For the last 11 years, off and on, Duncan has worked on the culmination of his first trip to the parks — a documentary on the history of the park system, or as Duncan describes it, “the arc of the national park idea, which began in the West.” He enlisted Burns and they’ve been filming The National Parks: America’s Best Idea for six years, ranging from Florida to Alaska with major stops in the iconic Western parks.

They highlight many historical photos and figures, including Wallace Stegner, the Western writer who coined the “best idea” phrase. Yet their findings about the West’s conservation politics are still relevant these days.
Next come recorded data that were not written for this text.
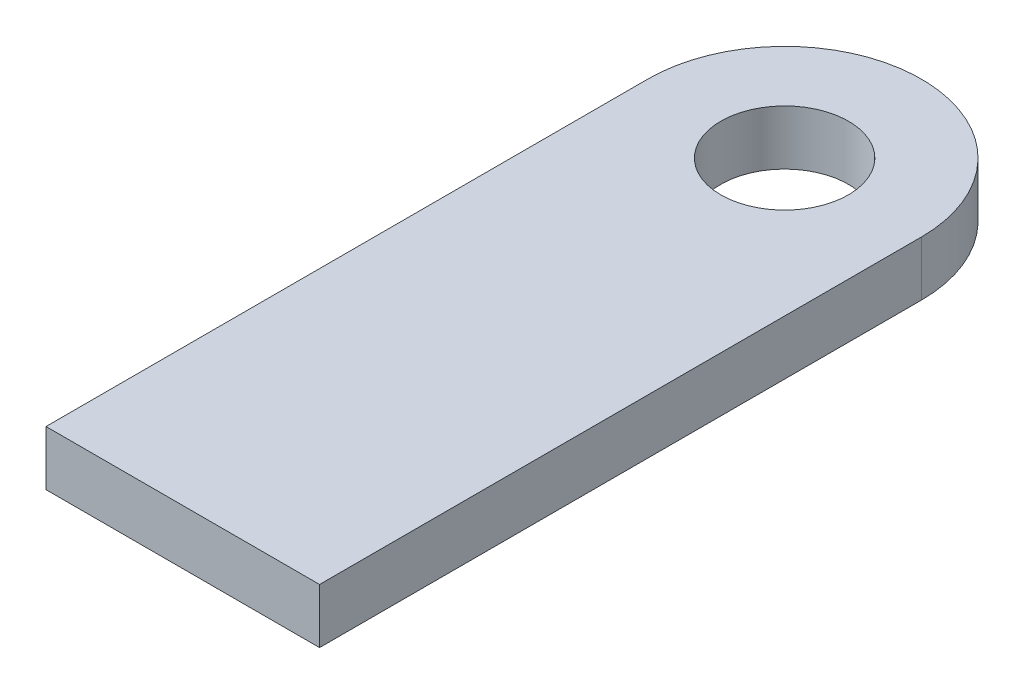
ISO-10303-21;
HEADER;
FILE_DESCRIPTION(('STEP AP214'),'2;1');
FILE_NAME('part.step','',(''),(''),'','','');
FILE_SCHEMA(('AUTOMOTIVE_DESIGN { 1 0 10303 214 1 1 1 1 }'));
ENDSEC;
DATA;
#1=APPLICATION_CONTEXT('core data for automotive mechanical design processes');
#2=APPLICATION_PROTOCOL_DEFINITION('international standard','automotive_design',2000,#1);
#3=PRODUCT_CONTEXT('',#1,'mechanical');
#4=PRODUCT('Part','Part','',(#3));
#5=PRODUCT_RELATED_PRODUCT_CATEGORY('part','',(#4));
#6=PRODUCT_DEFINITION_FORMATION('','',#4);
#7=PRODUCT_DEFINITION_CONTEXT('part definition',#1,'design');
#8=PRODUCT_DEFINITION('design','',#6,#7);
#9=PRODUCT_DEFINITION_SHAPE('','',#8);
#10=(LENGTH_UNIT() NAMED_UNIT(*) SI_UNIT(.MILLI.,.METRE.));
#11=(NAMED_UNIT(*) PLANE_ANGLE_UNIT() SI_UNIT($,.RADIAN.));
#12=(NAMED_UNIT(*) SI_UNIT($,.STERADIAN.) SOLID_ANGLE_UNIT());
#13=UNCERTAINTY_MEASURE_WITH_UNIT(LENGTH_MEASURE(1.E-05),#10,'distance_accuracy_value','');
#14=(GEOMETRIC_REPRESENTATION_CONTEXT(3) GLOBAL_UNCERTAINTY_ASSIGNED_CONTEXT((#13)) GLOBAL_UNIT_ASSIGNED_CONTEXT((#10,
#11,#12)) REPRESENTATION_CONTEXT('',''));
#15=CARTESIAN_POINT('',(0.,0.,0.));
#16=DIRECTION('',(0.,0.,1.));
#17=DIRECTION('',(1.,0.,0.));
#18=AXIS2_PLACEMENT_3D('',#15,#16,#17);
#19=CARTESIAN_POINT('',(-1.21168789764755,3.,-33.1756032514206));
#20=DIRECTION('',(0.,-1.,0.));
#21=DIRECTION('',(0.,0.,-1.));
#22=AXIS2_PLACEMENT_3D('',#19,#20,#21);
#23=PLANE('',#22);
#24=DIRECTION('',(1.,0.,0.));
#25=VECTOR('',#24,1.);
#26=CARTESIAN_POINT('',(6.28831210235246,3.,-0.175603251420631));
#27=LINE('',#26,#25);
#28=CARTESIAN_POINT('',(-8.71168789764754,3.,-0.175603251420629));
#29=VERTEX_POINT('',#28);
#30=CARTESIAN_POINT('',(6.28831210235246,3.,-0.175603251420631));
#31=VERTEX_POINT('',#30);
#32=EDGE_CURVE('E89',#29,#31,#27,.T.);
#33=ORIENTED_EDGE('',*,*,#32,.T.);
#34=DIRECTION('',(0.,0.,-1.));
#35=VECTOR('',#34,1.);
#36=CARTESIAN_POINT('',(6.28831210235245,3.,-33.1756032514206));
#37=LINE('',#36,#35);
#38=CARTESIAN_POINT('',(6.28831210235245,3.,-33.1756032514206));
#39=VERTEX_POINT('',#38);
#40=EDGE_CURVE('E84',#31,#39,#37,.T.);
#41=ORIENTED_EDGE('',*,*,#40,.T.);
#42=CARTESIAN_POINT('',(-1.21168789764755,3.,-33.1756032514206));
#43=DIRECTION('',(0.,1.,0.));
#44=DIRECTION('',(0.,0.,-1.));
#45=AXIS2_PLACEMENT_3D('',#42,#43,#44);
#46=CIRCLE('',#45,7.5);
#47=CARTESIAN_POINT('',(-8.71168789764754,3.,-33.1756032514206));
#48=VERTEX_POINT('',#47);
#49=EDGE_CURVE('E87',#39,#48,#46,.T.);
#50=ORIENTED_EDGE('',*,*,#49,.T.);
#51=DIRECTION('',(0.,0.,1.));
#52=VECTOR('',#51,1.);
#53=CARTESIAN_POINT('',(-8.71168789764754,3.,-0.175603251420629));
#54=LINE('',#53,#52);
#55=EDGE_CURVE('E54',#48,#29,#54,.T.);
#56=ORIENTED_EDGE('',*,*,#55,.T.);
#57=EDGE_LOOP('',(#33,#41,#50,#56));
#58=FACE_BOUND('',#57,.T.);
#59=CARTESIAN_POINT('',(-1.21168789764755,3.,-33.1756032514206));
#60=DIRECTION('',(0.,1.,0.));
#61=DIRECTION('',(0.,0.,1.));
#62=AXIS2_PLACEMENT_3D('',#59,#60,#61);
#63=CIRCLE('',#62,3.5);
#64=CARTESIAN_POINT('',(-1.21168789764755,3.,-29.6756032514206));
#65=VERTEX_POINT('',#64);
#66=EDGE_CURVE('E104',#65,#65,#63,.T.);
#67=ORIENTED_EDGE('',*,*,#66,.F.);
#68=EDGE_LOOP('',(#67));
#69=FACE_BOUND('',#68,.T.);
#70=ADVANCED_FACE('F37',(#58,#69),#23,.F.);
#71=CARTESIAN_POINT('',(-1.21168789764755,0.,-33.1756032514206));
#72=DIRECTION('',(0.,-1.,0.));
#73=DIRECTION('',(0.,0.,-1.));
#74=AXIS2_PLACEMENT_3D('',#71,#72,#73);
#75=PLANE('',#74);
#76=DIRECTION('',(1.,0.,0.));
#77=VECTOR('',#76,1.);
#78=CARTESIAN_POINT('',(6.28831210235246,0.,-0.175603251420631));
#79=LINE('',#78,#77);
#80=CARTESIAN_POINT('',(-8.71168789764754,0.,-0.175603251420629));
#81=VERTEX_POINT('',#80);
#82=CARTESIAN_POINT('',(6.28831210235246,0.,-0.175603251420631));
#83=VERTEX_POINT('',#82);
#84=EDGE_CURVE('E101',#81,#83,#79,.T.);
#85=ORIENTED_EDGE('',*,*,#84,.F.);
#86=DIRECTION('',(0.,0.,1.));
#87=VECTOR('',#86,1.);
#88=CARTESIAN_POINT('',(-8.71168789764754,0.,-0.175603251420629));
#89=LINE('',#88,#87);
#90=CARTESIAN_POINT('',(-8.71168789764754,0.,-33.1756032514206));
#91=VERTEX_POINT('',#90);
#92=EDGE_CURVE('E77',#91,#81,#89,.T.);
#93=ORIENTED_EDGE('',*,*,#92,.F.);
#94=CARTESIAN_POINT('',(-1.21168789764755,0.,-33.1756032514206));
#95=DIRECTION('',(0.,1.,0.));
#96=DIRECTION('',(0.,0.,-1.));
#97=AXIS2_PLACEMENT_3D('',#94,#95,#96);
#98=CIRCLE('',#97,7.5);
#99=CARTESIAN_POINT('',(6.28831210235245,0.,-33.1756032514206));
#100=VERTEX_POINT('',#99);
#101=EDGE_CURVE('E71',#100,#91,#98,.T.);
#102=ORIENTED_EDGE('',*,*,#101,.F.);
#103=DIRECTION('',(0.,0.,-1.));
#104=VECTOR('',#103,1.);
#105=CARTESIAN_POINT('',(6.28831210235245,0.,-33.1756032514206));
#106=LINE('',#105,#104);
#107=EDGE_CURVE('E93',#83,#100,#106,.T.);
#108=ORIENTED_EDGE('',*,*,#107,.F.);
#109=EDGE_LOOP('',(#85,#93,#102,#108));
#110=FACE_BOUND('',#109,.T.);
#111=CARTESIAN_POINT('',(-1.21168789764755,0.,-33.1756032514206));
#112=DIRECTION('',(0.,1.,0.));
#113=DIRECTION('',(0.,0.,1.));
#114=AXIS2_PLACEMENT_3D('',#111,#112,#113);
#115=CIRCLE('',#114,3.5);
#116=CARTESIAN_POINT('',(-1.21168789764755,0.,-29.6756032514206));
#117=VERTEX_POINT('',#116);
#118=EDGE_CURVE('E116',#117,#117,#115,.T.);
#119=ORIENTED_EDGE('',*,*,#118,.T.);
#120=EDGE_LOOP('',(#119));
#121=FACE_BOUND('',#120,.T.);
#122=ADVANCED_FACE('F112',(#110,#121),#75,.T.);
#123=CARTESIAN_POINT('',(6.28831210235246,3.,-0.175603251420631));
#124=DIRECTION('',(0.,0.,-1.));
#125=DIRECTION('',(-1.,0.,0.));
#126=AXIS2_PLACEMENT_3D('',#123,#124,#125);
#127=PLANE('',#126);
#128=ORIENTED_EDGE('',*,*,#84,.T.);
#129=DIRECTION('',(0.,-1.,0.));
#130=VECTOR('',#129,1.);
#131=CARTESIAN_POINT('',(6.28831210235246,3.,-0.175603251420631));
#132=LINE('',#131,#130);
#133=EDGE_CURVE('E11',#31,#83,#132,.T.);
#134=ORIENTED_EDGE('',*,*,#133,.F.);
#135=ORIENTED_EDGE('',*,*,#32,.F.);
#136=DIRECTION('',(0.,-1.,0.));
#137=VECTOR('',#136,1.);
#138=CARTESIAN_POINT('',(-8.71168789764754,3.,-0.175603251420629));
#139=LINE('',#138,#137);
#140=EDGE_CURVE('E97',#29,#81,#139,.T.);
#141=ORIENTED_EDGE('',*,*,#140,.T.);
#142=EDGE_LOOP('',(#128,#134,#135,#141));
#143=FACE_BOUND('',#142,.T.);
#144=ADVANCED_FACE('F39',(#143),#127,.F.);
#145=CARTESIAN_POINT('',(6.28831210235245,3.,-33.1756032514206));
#146=DIRECTION('',(-1.,0.,0.));
#147=DIRECTION('',(0.,0.,1.));
#148=AXIS2_PLACEMENT_3D('',#145,#146,#147);
#149=PLANE('',#148);
#150=ORIENTED_EDGE('',*,*,#107,.T.);
#151=DIRECTION('',(0.,-1.,0.));
#152=VECTOR('',#151,1.);
#153=CARTESIAN_POINT('',(6.28831210235245,3.,-33.1756032514206));
#154=LINE('',#153,#152);
#155=EDGE_CURVE('E46',#39,#100,#154,.T.);
#156=ORIENTED_EDGE('',*,*,#155,.F.);
#157=ORIENTED_EDGE('',*,*,#40,.F.);
#158=ORIENTED_EDGE('',*,*,#133,.T.);
#159=EDGE_LOOP('',(#150,#156,#157,#158));
#160=FACE_BOUND('',#159,.T.);
#161=ADVANCED_FACE('F92',(#160),#149,.F.);
#162=CARTESIAN_POINT('',(-1.21168789764755,3.,-33.1756032514206));
#163=DIRECTION('',(0.,-1.,0.));
#164=DIRECTION('',(0.,0.,-1.));
#165=AXIS2_PLACEMENT_3D('',#162,#163,#164);
#166=CYLINDRICAL_SURFACE('',#165,7.5);
#167=ORIENTED_EDGE('',*,*,#101,.T.);
#168=DIRECTION('',(0.,-1.,0.));
#169=VECTOR('',#168,1.);
#170=CARTESIAN_POINT('',(-8.71168789764754,3.,-33.1756032514206));
#171=LINE('',#170,#169);
#172=EDGE_CURVE('E94',#48,#91,#171,.T.);
#173=ORIENTED_EDGE('',*,*,#172,.F.);
#174=ORIENTED_EDGE('',*,*,#49,.F.);
#175=ORIENTED_EDGE('',*,*,#155,.T.);
#176=EDGE_LOOP('',(#167,#173,#174,#175));
#177=FACE_BOUND('',#176,.T.);
#178=ADVANCED_FACE('F95',(#177),#166,.T.);
#179=CARTESIAN_POINT('',(-8.71168789764754,3.,-0.175603251420629));
#180=DIRECTION('',(1.,0.,0.));
#181=DIRECTION('',(0.,0.,-1.));
#182=AXIS2_PLACEMENT_3D('',#179,#180,#181);
#183=PLANE('',#182);
#184=ORIENTED_EDGE('',*,*,#92,.T.);
#185=ORIENTED_EDGE('',*,*,#140,.F.);
#186=ORIENTED_EDGE('',*,*,#55,.F.);
#187=ORIENTED_EDGE('',*,*,#172,.T.);
#188=EDGE_LOOP('',(#184,#185,#186,#187));
#189=FACE_BOUND('',#188,.T.);
#190=ADVANCED_FACE('F109',(#189),#183,.F.);
#191=CARTESIAN_POINT('',(-1.21168789764755,3.,-33.1756032514206));
#192=DIRECTION('',(0.,-1.,0.));
#193=DIRECTION('',(0.,0.,-1.));
#194=AXIS2_PLACEMENT_3D('',#191,#192,#193);
#195=CYLINDRICAL_SURFACE('',#194,3.5);
#196=ORIENTED_EDGE('',*,*,#66,.T.);
#197=EDGE_LOOP('',(#196));
#198=FACE_BOUND('',#197,.T.);
#199=ORIENTED_EDGE('',*,*,#118,.F.);
#200=EDGE_LOOP('',(#199));
#201=FACE_BOUND('',#200,.T.);
#202=ADVANCED_FACE('F122',(#198,#201),#195,.F.);
#203=CLOSED_SHELL('',(#70,#122,#144,#161,#178,#190,#202));
#204=MANIFOLD_SOLID_BREP('B2',#203);
#205=ADVANCED_BREP_SHAPE_REPRESENTATION('',(#18,#204),#14);
#206=SHAPE_DEFINITION_REPRESENTATION(#9,#205);
ENDSEC;
END-ISO-10303-21;

As Duncan says in an interview, this “uniquely American idea” took hold first in the West (with the establishment of Yellowstone in 1872) because our region had the wildest remaining landscapes. It came from a combination of early enthusiasts such as John Muir in Yosemite, crass business interests (railroads hoping to benefit from tourist traffic) and national pride (Europe had the Parthenon and the Louvre, but our nation had spectacular natural scenery).

The idea was democratic: Congress and presidents preserved the parks for the general public. Even so, locals often objected, fearing the parks meant too much federal control. Duncan sums up the stages: “Local resistance at first, then grudging acceptance, then (as Arizona did with the Grand Canyon) they put it on the license plates.”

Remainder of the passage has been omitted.